Однако беспорядок был только кажущимся, и, поскольку в трюме работал толковый начальник (мистер Аллен исчез в нем, едва ступив на палубу), а в крюйт-камере хозяйничал старший канонир, прошедший боевую школу у Броука note 14, было вполне возможно поверить в то, что корабль выйдет в море в срок, тем более если удастся выжать из адмирала Хьюза дюжину-другую матросов. Присмотревшись, Джек Обри увидел знакомую фигуру, спускавшуюся по носовому трапу. Это была дородная, уютная миссис Лэмб — жена судового плотника, несшая корзину и пару кур со связанными ногами, которые предназначались для пополнения личных припасов четы Лэмбов на время плавания. Но ее сопровождала еще одна фигура, знакомая Джеку, но совсем не такая дородная и уютная. Это была та самая молодая женщина, которую он увидел на улице Уотерпорт. Ступая на борт фрегата, она заметила пристальный взгляд капитана и сделала книксен, прежде чем спуститься следом за миссис Лэмб в передний люк, держа свою корзину, как подобает скромной и благовоспитанной особе.

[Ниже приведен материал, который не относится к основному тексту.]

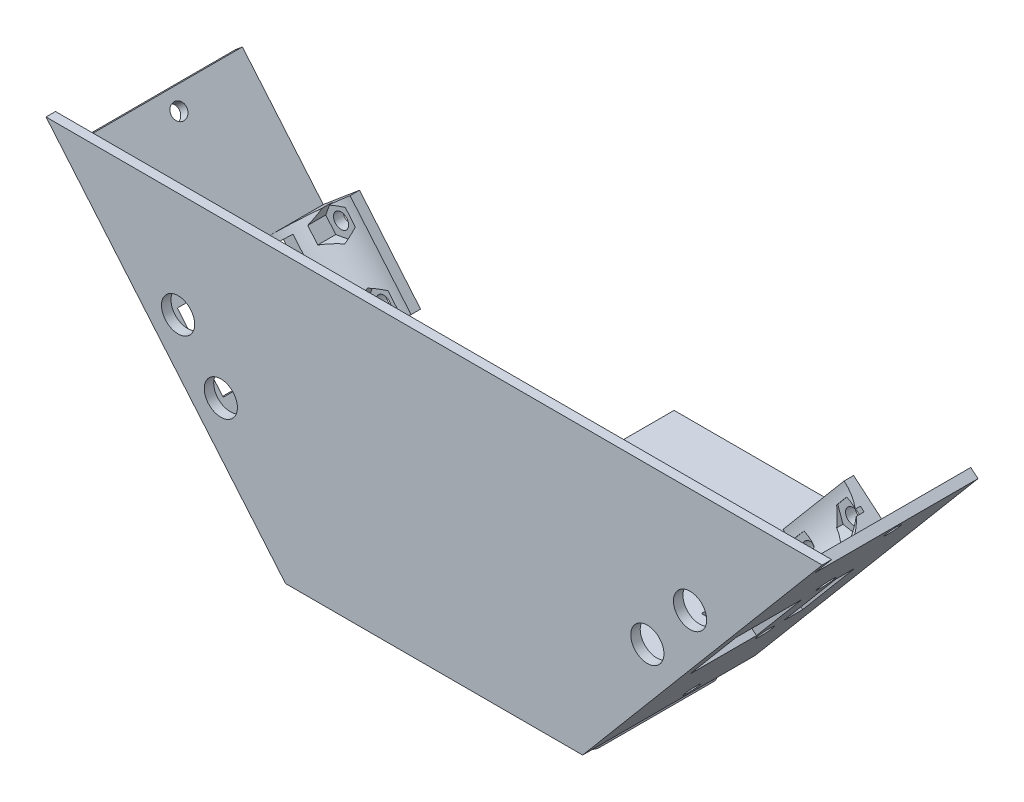
SolidWorks part; units mm, degrees
ref_plane "Front Plane" through (0, 0, 0) normal (0, 0, 1) x (1, 0, 0)
ref_plane "Top Plane" through (0, 0, 0) normal (0, 1, 0) x (1, 0, 0)
ref_plane "Right Plane" through (0, 0, 0) normal (1, 0, 0) x (0, 0, -1)
sketch "Sketch1" plane through (0, 0, 0) normal (0, 0, 1) x (1, 0, 0)
  line L0 (31.35, -1) -> (78.3808, 54.8311)
  line L1 (-31.35, -1) -> (31.35, -1)
  line L3 (-30.4197, 1) -> (30.4197, 1)
  line L5 (0, 0) -> (0, 17.9278) construction
  line L6 (-76.8512, 56.1196) -> (-30.4197, 1)
  line L7 (78.3808, 54.8311) -> (76.8512, 56.1196)
  line L8 (76.8512, 56.1196) -> (30.4197, 1)
  line L9 (-78.3808, 54.8311) -> (-76.8512, 56.1196)
  line L10 (30.4197, 1) -> (-30.4197, 1)
  line L11 (-31.35, -1) -> (-78.3808, 54.8311)
  point P0 (0, 0)
  dimension "D1" = 62.7
  dimension "D2" = 73
  dimension "D3" = 130.11
  dimension "D4" = 2
extrude "Boss-Extrude1" add sketch "Sketch1" along normal blind 31.4 contours L11 L1 L0 L7 L8 L10 L3 L6 L9 region at (0, 0.6684, 0)
sketch "Sketch2" plane through (0, 0, 0) normal (0, 0, -1) x (-1, 0, 0)
  line L0 (46.8932, 20.556) -> (39.2451, 26.9985)
  line L1 (76.8512, 56.1196) -> (30.4197, 1) construction
  line L2 (39.2451, 26.9985) -> (52.1302, 42.2947)
  line L3 (52.1302, 42.2947) -> (59.7783, 35.8521)
  line L4 (59.7783, 35.8521) -> (46.8932, 20.556)
  line L5 (78.3808, 54.8311) -> (76.8512, 56.1196) construction
  line L6 (0, 1) -> (0, 26.9985) construction
  line L7 (30.4197, 1) -> (-30.4197, 1) construction
  line L8 (-52.1302, 42.2947) -> (-59.7783, 35.8521)
  line L9 (-39.2451, 26.9985) -> (-52.1302, 42.2947)
  line L10 (-46.8932, 20.556) -> (-39.2451, 26.9985)
  line L11 (-59.7783, 35.8521) -> (-46.8932, 20.556)
  circle A0 centre (54.0215, 36.779) radius 1.6
  circle A1 centre (45.0019, 26.0717) radius 1.6014
  circle A2 centre (-45.0019, 26.0717) radius 1.6014
  circle A3 centre (-54.0215, 36.779) radius 1.6
  dimension "D4" = 3.2
  dimension "D5" = 3.2027
  dimension "D1" = 26.5
  dimension "D2" = 20
  dimension "D3" = 10
  dimension "D6" = 14
  dimension "D7" = 3
extrude "Boss-Extrude2" add sketch "Sketch2" against normal blind 2
fillet "Fillet1" radius 10 2 edges at (-53.3358, 28.204, 2) (53.3358, 28.204, 2)
sketch "Sketch3" plane through (0, 0, 0) normal (0, 0, -1) x (-1, 0, 0)
  line L1 (-50.7817, 37.3567) -> (-52.9019, 39.8736)
  line L2 (-52.9019, 39.8736) -> (-56.1417, 39.2959)
  line L3 (-56.1417, 39.2959) -> (-57.2613, 36.2013)
  line L4 (-57.2613, 36.2013) -> (-55.1411, 33.6844)
  line L5 (-55.1411, 33.6844) -> (-51.9013, 34.2621)
  line L6 (-51.9013, 34.2621) -> (-50.7817, 37.3567)
  line L7 (0, 0) -> (0, 47.8855) construction
  line L8 (-42.8817, 23.5548) -> (-41.7621, 26.6493)
  line L9 (-41.7621, 26.6493) -> (-43.8823, 29.1663)
  line L10 (-43.8823, 29.1663) -> (-47.1221, 28.5886)
  line L11 (-47.1221, 28.5886) -> (-48.2417, 25.494)
  line L12 (-48.2417, 25.494) -> (-46.1215, 22.9771)
  line L13 (-46.1215, 22.9771) -> (-42.8817, 23.5548)
  line L14 (46.1215, 22.9771) -> (42.8817, 23.5548)
  line L15 (48.2417, 25.494) -> (46.1215, 22.9771)
  line L16 (47.1221, 28.5886) -> (48.2417, 25.494)
  line L17 (43.8823, 29.1663) -> (47.1221, 28.5886)
  line L18 (41.7621, 26.6493) -> (43.8823, 29.1663)
  line L19 (42.8817, 23.5548) -> (41.7621, 26.6493)
  line L20 (51.9013, 34.2621) -> (50.7817, 37.3567)
  line L21 (55.1411, 33.6844) -> (51.9013, 34.2621)
  line L22 (57.2613, 36.2013) -> (55.1411, 33.6844)
  line L23 (56.1417, 39.2959) -> (57.2613, 36.2013)
  line L24 (52.9019, 39.8736) -> (56.1417, 39.2959)
  line L25 (50.7817, 37.3567) -> (52.9019, 39.8736)
  line L26 (-39.2451, 26.9985) -> (-52.1302, 42.2947) construction
  circle A0 centre (-54.0215, 36.779) radius 2.85 construction
  circle A1 centre (-45.0019, 26.0717) radius 2.85 construction
  dimension "D1" = 5.7
  dimension "D2" = 5.7
extrude "Cut-Extrude1" cut sketch "Sketch3" against normal blind 12 from offset 2 offset against normal yes
sketch "Sketch4" plane through (18.8304, -15.8623, 0) normal (0.7648, -0.6443, 0) x (0, 0, -1)
  line L0 (-31.4, 92.4327) -> (0, 92.4327) construction
  circle A0 centre (-15.7, 88.8327) radius 1.6
  circle A1 centre (-15.7, 23.0327) radius 1.6
  dimension "D1" = 3.2
  dimension "D3" = 3.2
  dimension "D2" = 65.8
  dimension "D4" = 3.6
extrude "Cut-Extrude2" cut sketch "Sketch4" against normal blind 2
mirror "Mirror1" about plane through (0, 0, 0) normal (1, 0, 0) of "Cut-Extrude2"
sketch "Sketch5" plane through (0, -1, 0) normal (0, -1, 0) x (1, 0, 0)
  line L0 (31.35, 31.4) -> (31.35, 0) construction
  line L1 (-24.25, 22.95) -> (-19.818, 22.95)
  line L2 (-24.25, 22.95) -> (-24.25, 8.45)
  line L3 (-24.25, 8.45) -> (-19.818, 8.45)
  line L4 (24.25, 22.95) -> (24.25, 8.45)
  line L5 (-24.25, 22.95) -> (-19.818, 21.625) construction
  line L6 (19.954, 22.95) -> (24.25, 22.95)
  line L7 (19.818, 26.15) -> (19.954, 26.15)
  line L8 (-19.818, 27.65) -> (-6, 27.65)
  line L9 (-19.818, 27.65) -> (-19.818, 22.95)
  line L10 (-19.818, 3.75) -> (19.818, 3.75)
  line L11 (19.818, 27.65) -> (19.818, 26.15)
  line L12 (6, 27.65) -> (19.818, 27.65)
  line L13 (-19.818, 3.75) -> (-12.0235, 8.45) construction
  line L14 (19.954, 26.15) -> (19.954, 22.95)
  line L15 (6, 27.65) -> (6, 29.65)
  line L16 (-26.25, 29.65) -> (-6, 29.65)
  line L17 (-26.25, 29.65) -> (-26.25, 1.75)
  line L18 (-26.25, 1.75) -> (26.25, 1.75)
  line L19 (26.25, 29.65) -> (26.25, 1.75)
  line L20 (-26.25, 29.65) -> (-19.818, 26.2319) construction
  line L21 (-26.25, 1.75) -> (-19.818, 5.1681) construction
  line L22 (-6, 27.65) -> (-6, 29.65)
  line L23 (-19.818, 8.45) -> (-19.818, 3.75)
  line L24 (6, 29.65) -> (26.25, 29.65)
  line L26 (19.818, 5.1681) -> (26.25, 1.75) construction
  line L28 (12.0235, 22.95) -> (19.818, 27.65) construction
  line L29 (13.6425, 22.95) -> (26.25, 29.65) construction
  line L31 (19.818, 8.45) -> (24.25, 8.45)
  line L32 (19.818, 8.45) -> (19.818, 3.75)
  point P0 (0, 15.7)
  point P10 (31.35, 15.7)
  point P11 (0, 15.7)
  point P16 (0, 15.7)
  dimension "D1" = 48.5
  dimension "D2" = 14.5
  dimension "D3" = 39.636
  dimension "D4" = 23.9
  dimension "D5" = 1.5
  dimension "D6" = 0.136
  dimension "D7" = 2
  dimension "D8" = 2
  dimension "D10" = 12
extrude "Boss-Extrude3" add sketch "Sketch5" along normal blind 4.9
sketch "Sketch6" plane through (0, -5.9, 0) normal (0, -1, 0) x (1, 0, 0)
  line L0 (-6, 29.65) -> (-26.25, 29.65)
  line L1 (-26.25, 29.65) -> (-26.25, 1.75)
  line L2 (-26.25, 1.75) -> (26.25, 1.75)
  line L3 (26.25, 1.75) -> (26.25, 29.65)
  line L4 (26.25, 29.65) -> (6, 29.65)
  line L5 (6, 29.65) -> (6, 27.65)
  line L6 (6, 27.65) -> (24.25, 27.65)
  line L7 (24.25, 27.65) -> (24.25, 3.75)
  line L8 (24.25, 3.75) -> (-24.25, 3.75)
  line L9 (-24.25, 3.75) -> (-24.25, 27.65)
  line L10 (-24.25, 27.65) -> (-6, 27.65)
  line L11 (-19.818, 27.65) -> (-6, 27.65) construction
  line L12 (-19.818, 27.65) -> (-6, 27.65) construction
  line L13 (-6, 27.65) -> (-6, 29.65)
extrude "Boss-Extrude4" add sketch "Sketch6" along normal blind 0.6
fillet "Fillet2" radius 2 4 edges at (26.25, -3.75, 29.65) (26.25, -3.75, 1.75) (-26.25, -3.75, 1.75) (-26.25, -3.75, 29.65)
fillet "Fillet3" radius 4 8 edges at (-15.125, -1, 29.65) (-25.6642, -1, 29.0642) (-26.25, -1, 15.7) (-25.6642, -1, 2.3358) (15.125, -1, 29.65) (25.6642, -1, 29.0642) (26.25, -1, 15.7) (25.6642, -1, 2.3358)
sketch "Sketch7" plane through (0, -6.5, 0) normal (0, -1, 0) x (1, 0, 0)
  line L0 (-24.25, 8.45) -> (-24.25, 22.95) construction
  line L1 (-18.25, 13.8577) -> (-30.25, 13.8577)
  line L2 (-18.25, 13.8577) -> (-18.25, 17.5423)
  line L3 (-18.25, 17.5423) -> (-30.25, 17.5423)
  line L4 (-30.25, 13.8577) -> (-30.25, 17.5423)
  line L5 (-18.25, 13.8577) -> (-30.25, 17.5423) construction
  line L6 (-18.25, 17.5423) -> (-30.25, 13.8577) construction
  line L7 (-30.25, 3.75) -> (-30.25, 27.65) construction
  point P0 (-24.25, 15.7)
extrude "Cut-Extrude3" cut sketch "Sketch7" against normal blind 2
sketch "Sketch8" plane through (0, 0, 0) normal (0, 0, -1) x (-1, 0, 0)
  line L0 (30.4197, 1) -> (-30.4197, 1) construction
  line L1 (-20, -1) -> (20, -1)
  line L2 (-20, -1) -> (-20, 1)
  line L3 (-20, 1) -> (20, 1)
  line L4 (20, -1) -> (20, 1)
  line L5 (-20, -1) -> (20, 1) construction
  line L6 (-20, 1) -> (20, -1) construction
  point P0 (0, 0)
  dimension "D1" = 40
extrude "Boss-Extrude5" add sketch "Sketch8" along normal blind 40
sketch "Sketch9" plane through (0, -1, 0) normal (0, -1, 0) x (1, 0, 0)
  line L0 (20, -40) -> (-20, -40) construction
  line L1 (-12.75, -7.75) -> (12.75, -7.75)
  line L2 (-12.75, -7.75) -> (-12.75, -32.25)
  line L3 (-12.75, -32.25) -> (12.75, -32.25)
  line L4 (12.75, -7.75) -> (12.75, -32.25)
  line L5 (-12.75, -7.75) -> (12.75, -32.25) construction
  line L6 (-12.75, -32.25) -> (12.75, -7.75) construction
  line L7 (-20, -40) -> (-20, 0) construction
  line L8 (-14.75, -5.75) -> (-14.75, -34.25)
  line L9 (-14.75, -34.25) -> (14.75, -34.25)
  line L10 (14.75, -5.75) -> (14.75, -34.25)
  line L11 (-14.75, -5.75) -> (14.75, -5.75)
  line L12 (-12.75, -11.5) -> (9.4027, -11.5) construction
  line L13 (0, -20) -> (29.1321, -20) construction
  circle A8 centre (10.5, -17.75) radius 1.1
  circle A9 centre (10.5, -17.75) radius 2.1
  circle A10 centre (-10.5, -17.75) radius 1.1
  circle A11 centre (-10.5, -17.75) radius 2.1
  circle A12 centre (-10.5, -29.75) radius 1.1
  circle A13 centre (-10.5, -29.75) radius 2.1
  circle A14 centre (10.5, -29.75) radius 1.1
  circle A15 centre (10.5, -29.75) radius 2.1
  point P0 (0, -20)
  point P8 (0, -40)
  point P10 (-20, -20)
  dimension "D5" = 2.25
  dimension "D7" = 2.2
  dimension "D8" = 2.2
  dimension "D1" = 25.5
  dimension "D2" = 24.5
  dimension "D4" = 2.5
  dimension "D6" = 2.25
  dimension "D9" = 12
  dimension "D3" = 2
extrude "Boss-Extrude6" add sketch "Sketch9" along normal blind 4 contours L11 L8 L9 L10 L1 L4 L3 L2 region at (0, -1, -6.1602)
extrude "Boss-Extrude7" add sketch "Sketch9<3>" along normal blind 2.5 contours A15 A14 | A9 A8 | A11 A10 | A13 A12 region at (8.4594, -1, -17.75) region at (-12.5406, -1, -17.75) region at (-12.5406, -1, -29.75) region at (8.4594, -1, -29.75)
sketch "Sketch9<3>" plane through (0, -1, 0) normal (0, -1, 0) x (1, 0, 0) same geometry as "Sketch9"
sketch "Sketch10" plane through (0, -5, 0) normal (0, -1, 0) x (1, 0, 0)
  line L1 (-10, 1.25) -> (10, 1.25)
  line L2 (-10, 1.25) -> (-10, -1.25)
  line L3 (-10, -1.25) -> (10, -1.25)
  line L4 (10, 1.25) -> (10, -1.25)
  line L5 (-10, 1.25) -> (10, -1.25) construction
  line L6 (-10, -1.25) -> (10, 1.25) construction
  point P0 (0, 0)
  dimension "D1" = 2.5
  dimension "D2" = 20
extrude "Cut-Extrude4" cut sketch "Sketch10" against normal blind 31
sketch "Sketch11" plane through (0, -5, 0) normal (0, -1, 0) x (1, 0, 0)
  line L0 (-12.75, -7.75) -> (12.75, -7.75) construction
  line L1 (-10, -1.25) -> (10, -1.25)
  line L2 (-10, -1.25) -> (-10, -7.75)
  line L3 (-10, -7.75) -> (10, -7.75)
  line L4 (10, -1.25) -> (10, -7.75)
extrude "Cut-Extrude5" cut sketch "Sketch11" against normal blind 31
sketch "Sketch12" plane through (0, -1, 0) normal (0, -1, 0) x (1, 0, 0)
  line L0 (20, -40) -> (20, 0) construction
  line L1 (-20, -40) -> (20, -40)
  line L2 (-20, -40) -> (-20, -34.25)
  line L3 (-20, -34.25) -> (20, -34.25)
  line L4 (20, -40) -> (20, -34.25)
extrude "Cut-Extrude6" cut sketch "Sketch12" against normal blind 31
sketch "Sketch13" plane through (0, 0, 31.4) normal (0, 0, 1) x (1, 0, 0)
  line L0 (31.35, 59) -> (81.8926, 59)
  line L1 (-31.35, -1) -> (31.35, -1)
  line L3 (-31.35, 59) -> (31.35, 59)
  line L5 (81.8926, 59) -> (31.35, -1)
  line L6 (31.35, -1) -> (78.3808, 54.8311) construction
  line L7 (0, 0) -> (0, 25.8031) construction
  line L8 (-31.35, 59) -> (-81.8926, 59)
  line L9 (-81.8926, 59) -> (-31.35, -1)
  dimension "D1" = 60
extrude "Boss-Extrude8" add sketch "Sketch13" along normal blind 2 from offset 3
sketch "Sketch14" plane through (0, 0, 36.4) normal (0, 0, 1) x (1, 0, 0)
  circle A0 centre (54.0215, 36.779) radius 3.5
  circle A1 centre (45.0019, 26.0717) radius 3.5
  circle A2 centre (-54.0215, 36.779) radius 3.5
  circle A3 centre (-45.0019, 26.0717) radius 3.5
  dimension "D1" = 7
  dimension "D2" = 7
  dimension "D3" = 7
  dimension "D4" = 7
extrude "Cut-Extrude7" cut sketch "Sketch14" against normal blind 10
sketch "Sketch16" plane through (0, 0, 31.4) normal (0, 0, 1) x (1, 0, 0)
  line L0 (78.3808, 54.8311) -> (76.8512, 56.1196)
  line L1 (76.8512, 56.1196) -> (30.4197, 1)
  line L2 (30.4197, 1) -> (-30.4197, 1)
  line L3 (-30.4197, 1) -> (-76.8512, 56.1196)
  line L4 (-76.8512, 56.1196) -> (-78.3808, 54.8311)
  line L5 (-78.3808, 54.8311) -> (-31.35, -1)
  line L6 (-31.35, -1) -> (31.35, -1)
  line L7 (31.35, -1) -> (78.3808, 54.8311)
extrude "Boss-Extrude9" add sketch "Sketch16" along normal blind 3
combine bodies "Combine1" operation type add bodies to combine 116 117
other "Move Face1" flip direction yes face at (-19.818, -3.45, 6.1) face at (-22.034, -3.45, 8.45) face at (-24.25, -5.05, 15.7) face at (-22.034, -3.45, 22.95) face at (-19.818, -3.45, 25.3) face at (-16.6893, -4.4667, 27.65) face at (16.6893, -4.4667, 27.65) face at (19.818, -3.45, 26.9) face at (19.954, -3.45, 24.55) face at (22.102, -3.45, 22.95) face at (24.25, -4.825, 15.7) face at (22.034, -3.45, 8.45) face at (19.818, -3.45, 6.1) face at (0, -4.825, 3.75) offset 0.05 parameters "D1"=0.05
sketch "Sketch17" plane through (0, -1, 0) normal (0, -1, 0) x (1, 0, 0)
  line L0 (-6, 27.7) -> (-6, 31.4) construction
  line L1 (-6, 17.6293) -> (6, 17.6293)
  line L2 (-6, 17.6293) -> (-6, 28.8887)
  line L3 (-6, 28.8887) -> (6, 28.8887)
  line L4 (6, 17.6293) -> (6, 28.8887)
  line L5 (-6, 17.6293) -> (6, 28.8887) construction
  line L6 (-6, 28.8887) -> (6, 17.6293) construction
  point P0 (0, 23.259)
extrude "Cut-Extrude8" cut sketch "Sketch17" against normal blind 10
sketch "Sketch18" plane through (-18.8304, -15.8623, 0) normal (-0.7648, -0.6443, 0) x (0, 0, 1)
  line L0 (36.4, 97.8836) -> (36.4, 19.4327) construction
  line L1 (32.4, 48.4327) -> (18.4, 48.4327)
  line L2 (32.4, 48.4327) -> (32.4, 63.4327)
  line L3 (32.4, 63.4327) -> (18.4, 63.4327)
  line L4 (18.4, 48.4327) -> (18.4, 63.4327)
  line L5 (32.4, 48.4327) -> (18.4, 63.4327) construction
  line L6 (32.4, 63.4327) -> (18.4, 48.4327) construction
  line L10 (0, 19.4327) -> (0, 92.4327) construction
  point P0 (25.4, 55.9327)
  point P8 (0, 55.9327)
  dimension "D1" = 4
  dimension "D2" = 15
  dimension "D3" = 14
extrude "Cut-Extrude9" cut sketch "Sketch18" against normal blind 10
mirror "Mirror2" about plane through (0, 0, 0) normal (1, 0, 0) of "Cut-Extrude9"
sketch "Sketch19" plane through (-18.8304, -15.8623, 0) normal (-0.7648, -0.6443, 0) x (0, 0, 1)
  line L0 (0, 55.9327) -> (44.397, 55.9327) construction
  line L1 (0, 19.4327) -> (0, 92.4327) construction
  line L7 (8, 47.4327) -> (12, 47.4327)
  line L8 (8, 47.4327) -> (8, 64.4327)
  line L9 (8, 64.4327) -> (12, 64.4327)
  line L10 (12, 47.4327) -> (12, 64.4327)
  line L11 (8, 47.4327) -> (12, 64.4327) construction
  line L12 (8, 64.4327) -> (12, 47.4327) construction
  circle A0 centre (15, 45.9327) radius 1.75
  circle A1 centre (15, 65.9327) radius 1.75
  point P6 (10, 55.9327)
  point P12 (0, 0)
  dimension "D1" = 3.5
  dimension "D2" = 10
  dimension "D3" = 15
  dimension "D4" = 4
  dimension "D5" = 17
  dimension "D6" = 10
extrude "Cut-Extrude10" cut sketch "Sketch19" against normal blind 10
mirror "Mirror3" about plane through (0, 0, 0) normal (1, 0, 0) of "Cut-Extrude10"

— Кто это? — спросил Джек.
— Миссис Хорнер, сэр, жена старшего канонира. А в корзине у нее поросенок, она поместит его рядом с клетками для кур.
— Господи помилуй! Уж не хотите ли вы сказать, что она поплывет с нами?
— Разумеется, сэр, — отвечал Моуэт. — Когда Хорнер спросил разрешения захватить ее с собой, я тотчас согласился, помня ваши слова: надо, чтобы кто-то заботился об этой молодежи. Но если я поступил неправильно…
— Нет, нет, — покачал головой Джек Обри.
Он был не вправе компрометировать своего старшего офицера. Кроме того, присутствие на корабле миссис Хорнер было вполне в согласии с флотскими традициями, хотя ее внешность расходилась с ними. С его стороны это было бы произволом, если бы он отправил ее на берег после того, как она здесь обосновалась. К тому же ему пришлось бы отправиться в плавание в обществе старшего канонира с разбитым сердцем.
Капитан Обри и доктор Мэтьюрин, как частные лица, никогда не обсуждали качества других офицеров, сотрапезников Стивена по кают-компании или столовой унтер-офицеров, в зависимости от того, где доктор трапезовал. Однако, когда доктор в тот день поздно вечером зашел в каюту капитана, чтобы, как обычно, поужинать сыром с тостами и час или два помузицировать (оба они были заядлыми, хотя не слишком искусными исполнителями, недаром их дружба началась на концерте на острове Менорка), это не помешало Джеку сообщить Стивену о том, что их общий друг Том Пуллингс снова примет участие в плавании уже в качестве добровольца. Джек не предлагал ему такой роли и даже не намекал на нее, хотя для корабля Том был находкой, на что указывали все друзья Пуллингса на берегу. Поскольку надежды на то, что ему в ближайшем будущем предложат командовать кораблем, было очень мало, то, вместо того чтобы год или около того ждать у моря погоды, он вполне разумно решил отправиться в плавание, участие в котором увеличило бы его шансы получить должность по возвращении, тем более если вояж окажется удачным.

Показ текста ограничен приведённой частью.